With a bit of tweaking I was able to pivot the algorithm to only play one move at a time but keep the best X number of sequences up to that point. After some trial and error I found 400 sequences to be a sweet spot in terms of speed and accuracy. Since 5^4 is 625, using 400 meant I would keep almost all color sequences covering the first 4 moves and then each subsequent move would only require evaluating at most 2,000 sequences from which I would cull the top 400 and repeat. For a 20 move board that’s at most 40,000 sequence evaluations, most of which were no where near 20 items in length. With this algorithm, my solver can figure out a reasonable solution to a board in about 4 seconds. In 25 test games it could flood the board in 20.6 moves on average and only 3 times did it require more than 22 moves (23). Also as of this writing, neither I, nor anyone else who has played the game online, has been able to flood a board in fewer moves than the solver…

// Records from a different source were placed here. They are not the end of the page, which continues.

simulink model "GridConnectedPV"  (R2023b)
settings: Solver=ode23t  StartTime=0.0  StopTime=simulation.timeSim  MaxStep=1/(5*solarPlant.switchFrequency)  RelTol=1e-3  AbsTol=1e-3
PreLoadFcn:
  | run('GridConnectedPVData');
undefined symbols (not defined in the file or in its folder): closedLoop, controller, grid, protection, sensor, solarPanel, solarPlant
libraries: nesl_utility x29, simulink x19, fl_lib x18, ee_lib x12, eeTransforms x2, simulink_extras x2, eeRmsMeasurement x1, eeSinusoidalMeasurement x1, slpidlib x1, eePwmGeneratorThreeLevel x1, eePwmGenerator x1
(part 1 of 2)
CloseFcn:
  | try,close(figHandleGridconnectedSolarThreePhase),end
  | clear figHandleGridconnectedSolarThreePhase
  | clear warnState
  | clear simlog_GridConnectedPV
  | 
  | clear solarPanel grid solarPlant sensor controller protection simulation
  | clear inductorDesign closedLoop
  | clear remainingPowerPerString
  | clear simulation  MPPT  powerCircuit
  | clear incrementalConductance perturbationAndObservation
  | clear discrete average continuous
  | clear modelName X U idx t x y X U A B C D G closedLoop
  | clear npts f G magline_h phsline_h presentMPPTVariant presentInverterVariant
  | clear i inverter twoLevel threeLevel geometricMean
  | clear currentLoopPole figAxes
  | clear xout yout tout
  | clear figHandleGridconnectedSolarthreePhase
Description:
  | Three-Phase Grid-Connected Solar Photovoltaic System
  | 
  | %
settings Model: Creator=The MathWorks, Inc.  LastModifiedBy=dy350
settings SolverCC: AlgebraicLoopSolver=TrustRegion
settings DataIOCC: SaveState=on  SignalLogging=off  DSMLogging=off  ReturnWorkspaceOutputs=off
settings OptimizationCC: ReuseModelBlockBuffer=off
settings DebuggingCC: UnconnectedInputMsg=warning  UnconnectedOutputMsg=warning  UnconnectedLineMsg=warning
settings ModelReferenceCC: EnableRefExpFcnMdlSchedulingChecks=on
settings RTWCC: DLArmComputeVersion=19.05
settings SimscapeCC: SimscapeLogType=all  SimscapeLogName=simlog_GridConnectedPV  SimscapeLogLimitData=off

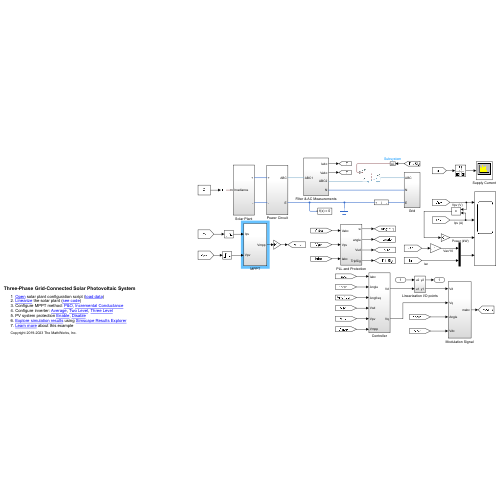
[thumbnail: Simulink's stored preview of the top-level diagram]
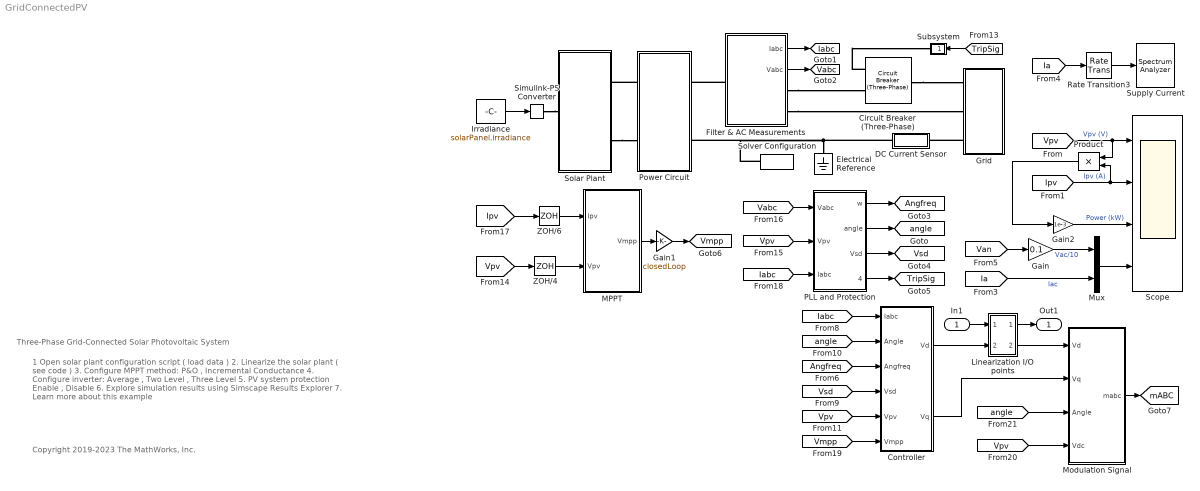
== system GridConnectedPV ==
  note: 1 Open solar plant configuration script ( load data )
      | 2. Linearize the solar plant ( see code )
      | 3. Configure MPPT method: P&O , Incremental Conductance
      | 4. Configure inverter: Average , Two Level , Three Level
      | 5. PV system protection Enable , Disable
      | 6. Explore simulation results using Simscape Results Explorer
      | 7. Learn more about this example
  note: Three-Phase Grid-Connected Solar Photovoltaic System
  note: Copyright 2019-2023 The MathWorks, Inc.
  In1 : Inport
  Circuit Breaker (Three-Phase) : ee_lib/Switches & Breakers/Circuit Breaker (Three-Phase)  R_closed=0.0001 Ohm  G_open=1e-6 1/Ohm  threshold=0.5 V  breaker_behavior=ee.enum.switches.breakerBehavior.zeroCrossingEnable
      settings: InternalSimscapePortConfiguration="{\"Bottom\":[],\"Left\":[{\"id\":\"vT\",\"label\":\"vT\",\"type\":\"input\"},{\"id\":\"N1\",\"label\":\"~1\",\"type\":\"foundation.electrical.three_phase\"}],\"Right\":[{\"id\":\"N2\",\"label\":\"~2\",\"type\":\"foundation.electrical.three_phase\"}],\"Top\":[]}"
  Controller : Subsystem
  DC Current Sensor : Subsystem
      mask Display: disp('i')
  Electrical Reference : fl_lib/Electrical/Electrical Elements/Electrical Reference
  Filter & AC Measurements : Subsystem
  Gain : Gain  Gain=0.1
  Gain1 : Gain  Gain=closedLoop
  Gain2 : Gain  Gain=1e-3
  Grid : Subsystem
  Irradiance : Constant  Value=solarPanel.irradiance
  Linearization I/O points : Subsystem
  MPPT : Subsystem
  Modulation Signal : Subsystem
  Mux : Mux  Inputs=2
  PLL and Protection : Subsystem
  Power Circuit : Subsystem
  Product : Product
  Rate Transition3 : RateTransition  OutPortSampleTime=1/(5*solarPlant.switchFrequency)
  Scope : Scope  NumInputPorts=4
  Simulink-PS Converter : nesl_utility/Simulink-PS Converter  PhysicalDomain=network_engine_domain  SubClassName=ps_input  LeftPortType=input  RightPortType=output  PseudoPeriodic=off  Frequencies=[]  NoiseDistribution=none  NoiseParameters=[]  Unit=1  AffineConversion=off  FilteringAndDerivatives=provide  SimscapeFilterOrder=1  InputFilterTimeConstant=0.001  UdotUserProvided=0
  Solar Plant : Subsystem
  Solver Configuration : nesl_utility/Solver Configuration  PhysicalDomain=network_engine_domain  SubClassName=solver  LeftPortType=input  RightPortType=generic  Tones=[]  Harmonics=[]  SimulateNoise=off  Profile=off  UseLocalSampling=off  EnableSwitchedLinearOptims=on  FrequencyDomain=off  UseCCode=off  RelTol=0.001  AbsTol=1e-06  MinStep=1e-09  ToWorkspace=off  RevertToSquareIcSolve=off  NumHomotopyIterations=100  PhasorMode=off  PhasorModeNumHarmonics=1  ConsistencySolver=NEWTON_FTOL  IndexReductionMethod=DerivativeReplacement  DoDC=off  ResidualTolerance=1e-9  ConsistencyTolSource=GLOBAL  ConsistencyAbsTol=0.001  ConsistencyRelTol=0.001  ConsistencyTolFactor=0.001  UseLocalSolver=off  LocalSolverChoice=NE_TRAPEZOIDAL_ADVANCER  ResolveIndetEquations=on  FunctionEvalNumThread=1  LocalSolverSampleTime=1e-7  DoFixedCost=off  MaxNonlinIter=10  MaxModeIter=2  ComputeImpulses=off  ImpulseIterations=2  LinearAlgebra=auto  LinearAlgebraNumThread=0  EquationFormulation=NE_TIME_EF  DelaysMemoryBudget=1024  AutomaticFiltering=on  FilteringTimeConstant=0.001  PartitionStorageMethod=AS_NEEDED  PartitionMemoryBudget=1024  PartitionMethod=FAST  MultibodyUseLocalSolver=off  MultibodyLocalSolverChoice=ODE1  MultibodyLocalSolverSampleTime=0.001
  Subsystem : Subsystem
  Supply Current : SpectrumAnalyzer  WindowPosition=[1.000000,49.000000,1707.000000,996.000000,]  ScopeFrameLocation=window  SpectrumType=RMS  Method=Welch  SampleRate=100000  PlotAsTwoSidedSpectrum=off  FrequencyScale=Log  AxesScaling=Manual  Span=50000  CenterFrequency=25000  StartFrequency=0  StopFrequency=50000  RBWSource=Property  RBW=9  OverlapPercent=90  AveragingMethod=Running  SpectrumUnits=Vrms  YLimits=[-5.01533311,45.13799799]  ColorLimits=[0.0061790664803535039207,16.888204283875005274]  ShowLegend=on
      settings: OpenAtSimulationStart=off
  ZOH/4 : ZeroOrderHold  SampleTime=solarPlant.timeMPPT
  ZOH/6 : ZeroOrderHold  SampleTime=solarPlant.timeMPPT
  Out1 : Outport  VectorParamsAs1DForOutWhenUnconnected=off
  tag scope: Angfreq=global, Iabc=global, TripSig=global, Vabc=global, Vmpp=global, Vsd=global, angle=global, mABC=global
  wires:
  [Iabc] -> Controller/1(Iabc)
  [Vpv] -> Controller/5(Vpv)
  [Vpv] -> PLL and Protection/2(Vpv)
  In1/1 -> Linearization I/O points/1(u2)
  [Vpv] -> ZOH/4/1
  [angle] -> Modulation Signal/3(Angle)
  Linearization I/O points/1(y2) -> Out1/1
  [TripSig] -> Subsystem/1(i)
  Controller/1(Vd) -> Linearization I/O points/2(u1)
  Controller/2(Vq) -> Modulation Signal/2(Vq)
  Gain/1 -> Mux/1  "Vac/10"
  [Ipv] -> Product/2, Scope/2  "Ipv (A)"
  Filter & AC Measurements/1(Iabc) -> [Iabc]
  MPPT/1(Vmpp) -> Gain1/1
  Modulation Signal/1(mabc) -> [mABC]
  PLL and Protection/3(Vsd) -> [Vsd]
  [Vmpp] -> Controller/6(Vmpp)
  PLL and Protection/2(angle) -> [angle]
  PLL and Protection/4(TripSig) -> [TripSig]
  [Vsd] -> Controller/4(Vsd)
  Rate Transition3/1 -> Supply Current/1
  Filter & AC Measurements/2(Vabc) -> [Vabc]
  PLL and Protection/1(w) -> [Angfreq]
  [Iabc] -> PLL and Protection/3(Iabc)
  [Ia] -> Rate Transition3/1
  [Ipv] -> ZOH/6/1
  [Vpv] -> Modulation Signal/4(Vdc)
  [angle] -> Controller/2(Angle)
  [Angfreq] -> Controller/3(Angfreq)
  [Vabc] -> PLL and Protection/1(Vabc)
  [Van] -> Gain/1
  Mux/1 -> Scope/4
  Linearization I/O points/2(y1) -> Modulation Signal/1(Vd)
  Gain2/1 -> Scope/3  "Power (kW)"
  ZOH/6/1 -> MPPT/1(Ipv)
  [Ia] -> Mux/2  "Iac"
  [Vpv] -> Product/1, Scope/1  "Vpv (V)"
  Product/1 -> Gain2/1
  ZOH/4/1 -> MPPT/2(Vpv)
  Gain1/1 -> [Vmpp]
  Irradiance/1 -> Simulink-PS Converter/1
  connections:
  Electrical Reference/LConn1 -- DC Current Sensor/RConn1 -- Solver Configuration/RConn1 -- Power Circuit/RConn2
  Filter & AC Measurements/RConn1 -- Circuit Breaker (Three-Phase)/LConn2
  Filter & AC Measurements/RConn2 -- Grid/LConn2
  Filter & AC Measurements/LConn1 -- Power Circuit/RConn1
  Power Circuit/LConn1 -- Solar Plant/RConn1
  Grid/LConn3 -- DC Current Sensor/LConn1
  Solar Plant/RConn2 -- Power Circuit/LConn2
  Simulink-PS Converter/RConn1 -- Solar Plant/LConn1
  Circuit Breaker (Three-Phase)/RConn1 -- Grid/LConn1
  Circuit Breaker (Three-Phase)/LConn1 -- Subsystem/RConn1

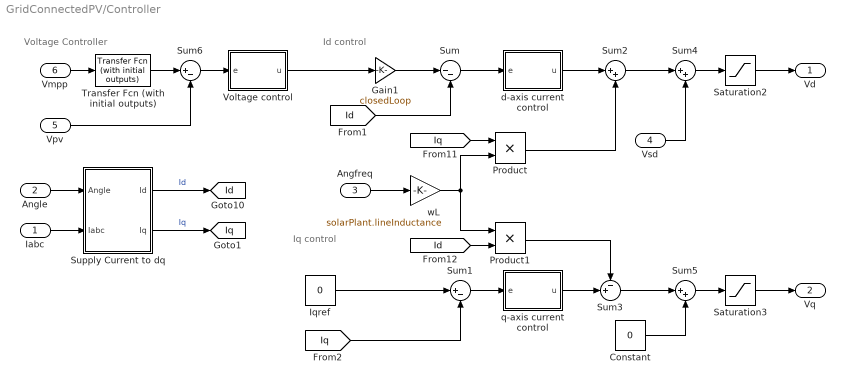
== system GridConnectedPV/Controller ==
  note: Id control
  note: Voltage Controller
  note: Iq control
  Iabc : Inport
  Angle : Inport  Port=2
  Angfreq : Inport  Port=3
  Vsd : Inport  Port=4
  Vpv : Inport  Port=5
  Vmpp : Inport  Port=6
  Constant : Constant  Value=0
  Gain1 : Gain  Gain=closedLoop
  Iqref : Constant  Value=0
  Product : Product
  Product1 : Product
  Saturation2 : Saturate  UpperLimit=controller.currentVoltMax*1.5  LowerLimit=-1*controller.currentVoltMax*1.5
  Saturation3 : Saturate  UpperLimit=controller.currentVoltMax*1.5  LowerLimit=-1*controller.currentVoltMax*1.5
  Sum : Sum  Inputs=|--
  Sum1 : Sum  Inputs=|+-
  Sum2 : Sum  Inputs=|++
  Sum3 : Sum  Inputs=-+|
  Sum4 : Sum  Inputs=|++
  Sum5 : Sum  Inputs=|++
  Sum6 : Sum  Inputs=|+-
  Supply Current to dq : Subsystem
  Transfer Fcn (with initial outputs) : simulink_extras/Additional Linear/Transfer Fcn (with initial outputs)  N=[1]  D="[solarPlant.timeMPPT*50  1]"  Y0=solarPlant.DCMPPTValue  U0=solarPlant.DCMPPTValue
  Voltage control : Subsystem
  d-axis current control : Subsystem
  q-axis current control : Subsystem
  wL : Gain  Gain=solarPlant.lineInductance
  Vd : Outport  VectorParamsAs1DForOutWhenUnconnected=off
  Vq : Outport  Port=2  VectorParamsAs1DForOutWhenUnconnected=off
  tag scope: Id=global, Iq=global
  wires:
  Sum1/1 -> q-axis current control/1(e)
  wL/1 -> Product/2, Product1/1
  [Id] -> Product1/2
  [Iq] -> Product/1
  Product1/1 -> Sum3/1
  Product/1 -> Sum2/2
  Sum3/1 -> Sum5/1
  Sum2/1 -> Sum4/1
  Sum4/1 -> Saturation2/1
  Sum5/1 -> Saturation3/1
  Angfreq/1 -> wL/1
  Constant/1 -> Sum5/2
  Angle/1 -> Supply Current to dq/1(Angle)
  Vpv/1 -> Sum6/2
  Sum/1 -> d-axis current control/1(e)
  [Id] -> Sum/2
  d-axis current control/1(u) -> Sum2/1
  q-axis current control/1(u) -> Sum3/2
  Supply Current to dq/1(Id) -> [Id]  "Id"
  Supply Current to dq/2(Iq) -> [Iq]  "Iq"
  Iabc/1 -> Supply Current to dq/2(Iabc)
  Vsd/1 -> Sum4/2
  Sum6/1 -> Voltage control/1(e)
  Vmpp/1 -> Transfer Fcn (with initial outputs)/1
  Transfer Fcn (with initial outputs)/1 -> Sum6/1
  Saturation3/1 -> Vq/1
  Saturation2/1 -> Vd/1
  Iqref/1 -> Sum1/1
  [Iq] -> Sum1/2
  Voltage control/1(u) -> Gain1/1
  Gain1/1 -> Sum/1

== system GridConnectedPV/DC Current Sensor ==
  note: In the transformerless grid connected PV system, leakage current depends on, PWM technique, DC bus voltage ripple, earth resistance and semi conductor switch switching time. So for accurately estimating the leakage current requires better PWM technique (bipolar PWM), DC bus voltage ripple, semi conductor model and earth resistance.
  Current Sensor : fl_lib/Electrical/Electrical Sensors/Current Sensor
      settings: LogSimulationData=on
  PS-Simulink Converter : nesl_utility/PS-Simulink Converter  PhysicalDomain=network_engine_domain  SubClassName=ps_output  LeftPortType=input  RightPortType=output  PseudoPeriodic=off  Frequencies=[]  VectorFormat=1-D array  Unit=1  AffineConversion=off
  Scope : Scope
  Sensor dynamics : TransferFcn  Numerator=1  Denominator=[1/sensor.samplingFreq 1]
  - : PMIOPort  Side=Left
  + : PMIOPort  Port=2  Side=Right
  wires:
  PS-Simulink Converter/1 -> Sensor dynamics/1
  Sensor dynamics/1 -> Scope/1
  connections:
  Current Sensor/RConn2 -- -/RConn1
  +/RConn1 -- Current Sensor/LConn1
  Current Sensor/RConn1 -- PS-Simulink Converter/LConn1

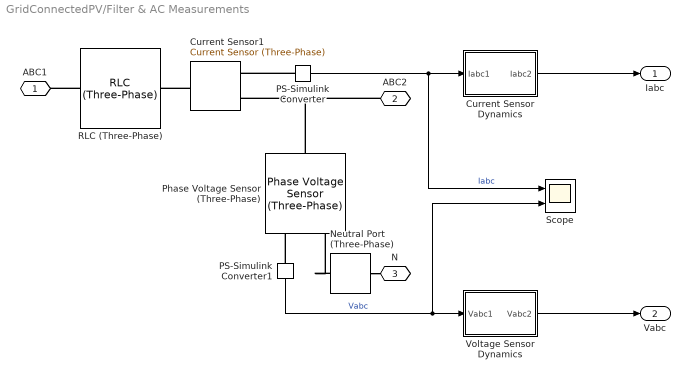
== system GridConnectedPV/Filter & AC Measurements ==
  Current Sensor Dynamics : Subsystem
  Current Sensor1 : ee_lib/Sensors & Transducers/Current Sensor (Three-Phase)
  Neutral Port (Three-Phase) : ee_lib/Connectors & References/Neutral Port (Three-Phase)  G_parasitic=1e-12 1/Ohm
      settings: InternalSimscapePortConfiguration="{\"Bottom\":[],\"Left\":[{\"id\":\"N\",\"label\":\"~\",\"type\":\"foundation.electrical.three_phase\"}],\"Right\":[{\"id\":\"n\",\"label\":\"n\",\"type\":\"foundation.electrical.electrical\"}],\"Top\":[]}"
  PS-Simulink Converter : nesl_utility/PS-Simulink Converter  PhysicalDomain=network_engine_domain  SubClassName=ps_output  LeftPortType=input  RightPortType=output  PseudoPeriodic=off  Frequencies=[]  VectorFormat=1-D array  Unit=inherit  AffineConversion=off
  PS-Simulink Converter1 : nesl_utility/PS-Simulink Converter  PhysicalDomain=network_engine_domain  SubClassName=ps_output  LeftPortType=input  RightPortType=output  PseudoPeriodic=off  Frequencies=[]  VectorFormat=1-D array  Unit=inherit  AffineConversion=off
  Phase Voltage Sensor (Three-Phase) : ee_lib/Sensors & Transducers/Phase Voltage Sensor (Three-Phase)
  RLC (Three-Phase) : ee_lib/Passive/RLC Assemblies/RLC (Three-Phase)  component_structure=4  R=solarPlant.inductorResistance Ohm  L=solarPlant.lineInductance H  C=1e-6 F  R_parasitic=1e-6 Ohm  G_parasitic=1e-6 1/Ohm  IL_specify=on  IL_priority=High  IL=[0, 0, 0] A  IL_nominal_specify=off  IL_nominal_unit=A  IL_nominal_value=1  VC_specify=on  VC_priority=High  VC=[0, 0, 0] V  VC_nominal_specify=off  VC_nominal_unit=V  VC_nominal_value=1
      settings: InternalSimscapePortConfiguration="{\"Bottom\":[],\"Left\":[{\"id\":\"N1\",\"label\":\"~1\",\"type\":\"foundation.electrical.three_phase\"}],\"Right\":[{\"id\":\"N2\",\"label\":\"~2\",\"type\":\"foundation.electrical.three_phase\"}],\"Top\":[]}"
  Scope : Scope  NumInputPorts=2
  Voltage Sensor Dynamics : Subsystem
  ABC1 : PMIOPort  Side=Left
  ABC2 : PMIOPort  Port=2  Side=Right
  N : PMIOPort  Port=3  Side=Right
  Iabc : Outport
  Vabc : Outport  Port=2
  wires:
  PS-Simulink Converter/1 -> Scope/1, Current Sensor Dynamics/1(Iabc1)  "Iabc"
  Current Sensor Dynamics/1(Iabc2) -> Iabc/1
  Voltage Sensor Dynamics/1(Vabc2) -> Vabc/1
  PS-Simulink Converter1/1 -> Scope/2, Voltage Sensor Dynamics/1(Vabc1)  "Vabc"
  connections:
  Current Sensor1/LConn1 -- RLC (Three-Phase)/RConn1
  Phase Voltage Sensor (Three-Phase)/LConn1 -- ABC2/RConn1 -- Current Sensor1/RConn2
  PS-Simulink Converter/LConn1 -- Current Sensor1/RConn1
  PS-Simulink Converter1/LConn1 -- Phase Voltage Sensor (Three-Phase)/RConn1
  Neutral Port (Three-Phase)/LConn1 -- Phase Voltage Sensor (Three-Phase)/RConn2
  Neutral Port (Three-Phase)/RConn1 -- N/RConn1
  RLC (Three-Phase)/LConn1 -- ABC1/RConn1

== system GridConnectedPV/Grid ==
  Resistor : fl_lib/Electrical/Electrical Elements/Resistor  R=50 Ohm  i_specify=off  i_priority=None  i=0 A  i_nominal_specify=off  i_nominal_unit=A  i_nominal_value=1  v_specify=off  v_priority=None  v=0 V  v_nominal_specify=off  v_nominal_unit=V  v_nominal_value=1
  Voltage Source (Three-Phase) : ee_lib/Sources/Voltage Source (Three-Phase)  vline_rms=grid.actualLineVoltage V  shift=0 deg  freq=grid.frequency Hz  impedance_option=0  SShortCircuit=1e6 V*A  XR=15  R=0.01 Ohm  L=3.97e-4 H  harmonic_option=0  harmonic_orders=[5, 7, 11, 13]  harmonic_ratios=[.1, .1, .1, .1]  G_parasitic=0 1/Ohm  I_specify=off  I_priority=None  I=[ 0 0 0 ] A  I_nominal_specify=off  I_nominal_unit=A  I_nominal_value=1
  ABC : PMIOPort  Side=Left
  N : PMIOPort  Port=2  Side=Left
  E : PMIOPort  Port=3  Side=Left
  connections:
  E/RConn1 -- Resistor/RConn1
  ABC/RConn1 -- Voltage Source (Three-Phase)/RConn1
  Voltage Source (Three-Phase)/LConn1 -- N/RConn1 -- Resistor/LConn1

== system GridConnectedPV/Linearization I//O points ==
  u2 : Inport
  u1 : Inport  Port=2
  "Set to 1 for closed-loop operation, and set to 0 when linearizing" : Gain  Gain=closedLoop  SaturateOnIntegerOverflow=on  OutDataTypeStr=Inherit: Same as input  ParamDataTypeStr=Inherit: Same as input
  Sum1 : Sum  Inputs=++|  InputSameDT=on  SaturateOnIntegerOverflow=on  OutDataTypeStr=Inherit: Same as first input
  y2 : Outport  VectorParamsAs1DForOutWhenUnconnected=off
  y1 : Outport  Port=2  VectorParamsAs1DForOutWhenUnconnected=off
  wires:
  Sum1/1 -> y1/1
  u2/1 -> Sum1/1
  "Set to 1 for closed-loop operation, and set to 0 when linearizing"/1 -> Sum1/2
  u1/1 -> y2/1, "Set to 1 for closed-loop operation, and set to 0 when linearizing"/1

== system GridConnectedPV/MPPT ==
  Ipv : Inport
  Vpv : Inport  Port=2
  Constant : Constant  Value=solarPlant.endMPPTValue
  MPPT Algorithm : Subsystem  Variant=on
  Switch : Switch  Threshold=solarPlant.endMPPTValue  SaturateOnIntegerOverflow=off  InputSameDT=off
  Vmpp : Outport  VectorParamsAs1DForOutWhenUnconnected=off
  tag scope: Ipvnow=global, Vpvnow=global
  wires:
  Vpv/1 -> [Vpvnow], MPPT Algorithm/2(Vpv)
  Ipv/1 -> [Ipvnow], MPPT Algorithm/1(Ipv)
  Constant/1 -> Switch/1
  MPPT Algorithm/1(Vmpp) -> Switch/3, Switch/2
  Switch/1 -> Vmpp/1

== system GridConnectedPV/Modulation Signal ==
  Vd : Inport
  Vq : Inport  Port=2
  Angle : Inport  Port=3
  Vdc : Inport  Port=4
  Gating Signal : Subsystem
  "dq to alpha beta " : Subsystem
  mabc : Outport  VectorParamsAs1DForOutWhenUnconnected=off
  wires:
  Gating Signal/1(mabc) -> mabc/1
  Vdc/1 -> Gating Signal/2(Vdc)
  "dq to alpha beta "/1(Vabc) -> Gating Signal/1(Vmod)
  Vd/1 -> "dq to alpha beta "/1("d ")
  Angle/1 -> "dq to alpha beta "/3(angle)
  Vq/1 -> "dq to alpha beta "/2(q)

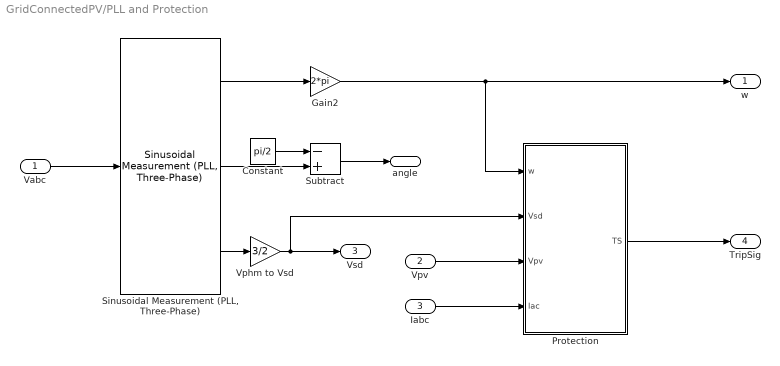
== system GridConnectedPV/PLL and Protection ==
  Vabc : Inport
  Vpv : Inport  Port=2
  Iabc : Inport  Port=3
  Constant : Constant  Value=pi/2
  Gain2 : Gain  Gain=2*pi
  Protection : Subsystem
  "Sinusoidal Measurement (PLL, Three-Phase)" : eeSinusoidalMeasurement/Sinusoidal Measurement (PLL, Three-Phase)  Kp_LF=0.05  Ki_LF=1  F0=grid.frequency  Theta0=0  Ts=0
  Subtract : Sum  Inputs=-+
  Vphm to Vsd : Gain  Gain=3/2
  w : Outport  VectorParamsAs1DForOutWhenUnconnected=off
  angle : Outport  Port=2  VectorParamsAs1DForOutWhenUnconnected=off
  Vsd : Outport  Port=3  VectorParamsAs1DForOutWhenUnconnected=off
  TripSig : Outport  Port=4  VectorParamsAs1DForOutWhenUnconnected=off
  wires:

My work up to this point had been done in Python and since I intended this game to be playable by humans in a web browser I decided to use Google AppEngine since it meant I could easily build upon my current code and not have to deal with too much infrastructure setup. I did want to keep track of some high level game statistics so I created a minimal datamodel that could store the seed used to randomly generate the board, an initial move sequence that would solve the game and a dictionary of game completion counts to number of moves. This fit very nicely into the GAE datastore. The last piece was the UI.
I ported the game functionality (not the solver) to HTML/CSS/JavaScript and added some bookkeeping to enable redo/undo. I purposely laid out the UI so it would look good on most smartphones with the tradeoff being a lot of wasted space in a desktop browser. There are ways to change the display based on the device, but they all seem fraught with issues that I didn’t want to deal with. The histogram generation of previous game completions is handled via Google Charts and I integrated with the Facebook Dialog UI to make it easy to challenge friends.
The highlevel sequence of events is:
- Look in the datastore for a game with the given seed (default 0)
- If the game doesn’t exist, create it and solve it
- Return the game state to the browser
- All gameplay takes place in the browser with no further server-side contact
- When the board is flooded record the score on the server
It’s worth noting that upon completion of the game, the move history is sent to the server and it replays the move sequence to verify the board is actually flooded to protect against cheating. The source code for my version is available on GitHub. Please give C O L O R F L O W a try and let me know what you think.
P.S. I found a C++/C# programming challenge to write a solver for the Flood It game. My solver, configured to keep the top 400 sequences (the configuration I’m using on AppEngine) ran through the problem set using 20266 moves. That would have ranked me in 3rd place. However, the article claims the winner’s C++ code ran for over 20000 seconds. My algorithm only took 3264 and was written in Python. Even accounting for the speedup in computers since 2008, it’s likely that the winning algorithm was searching deeper in the problem space.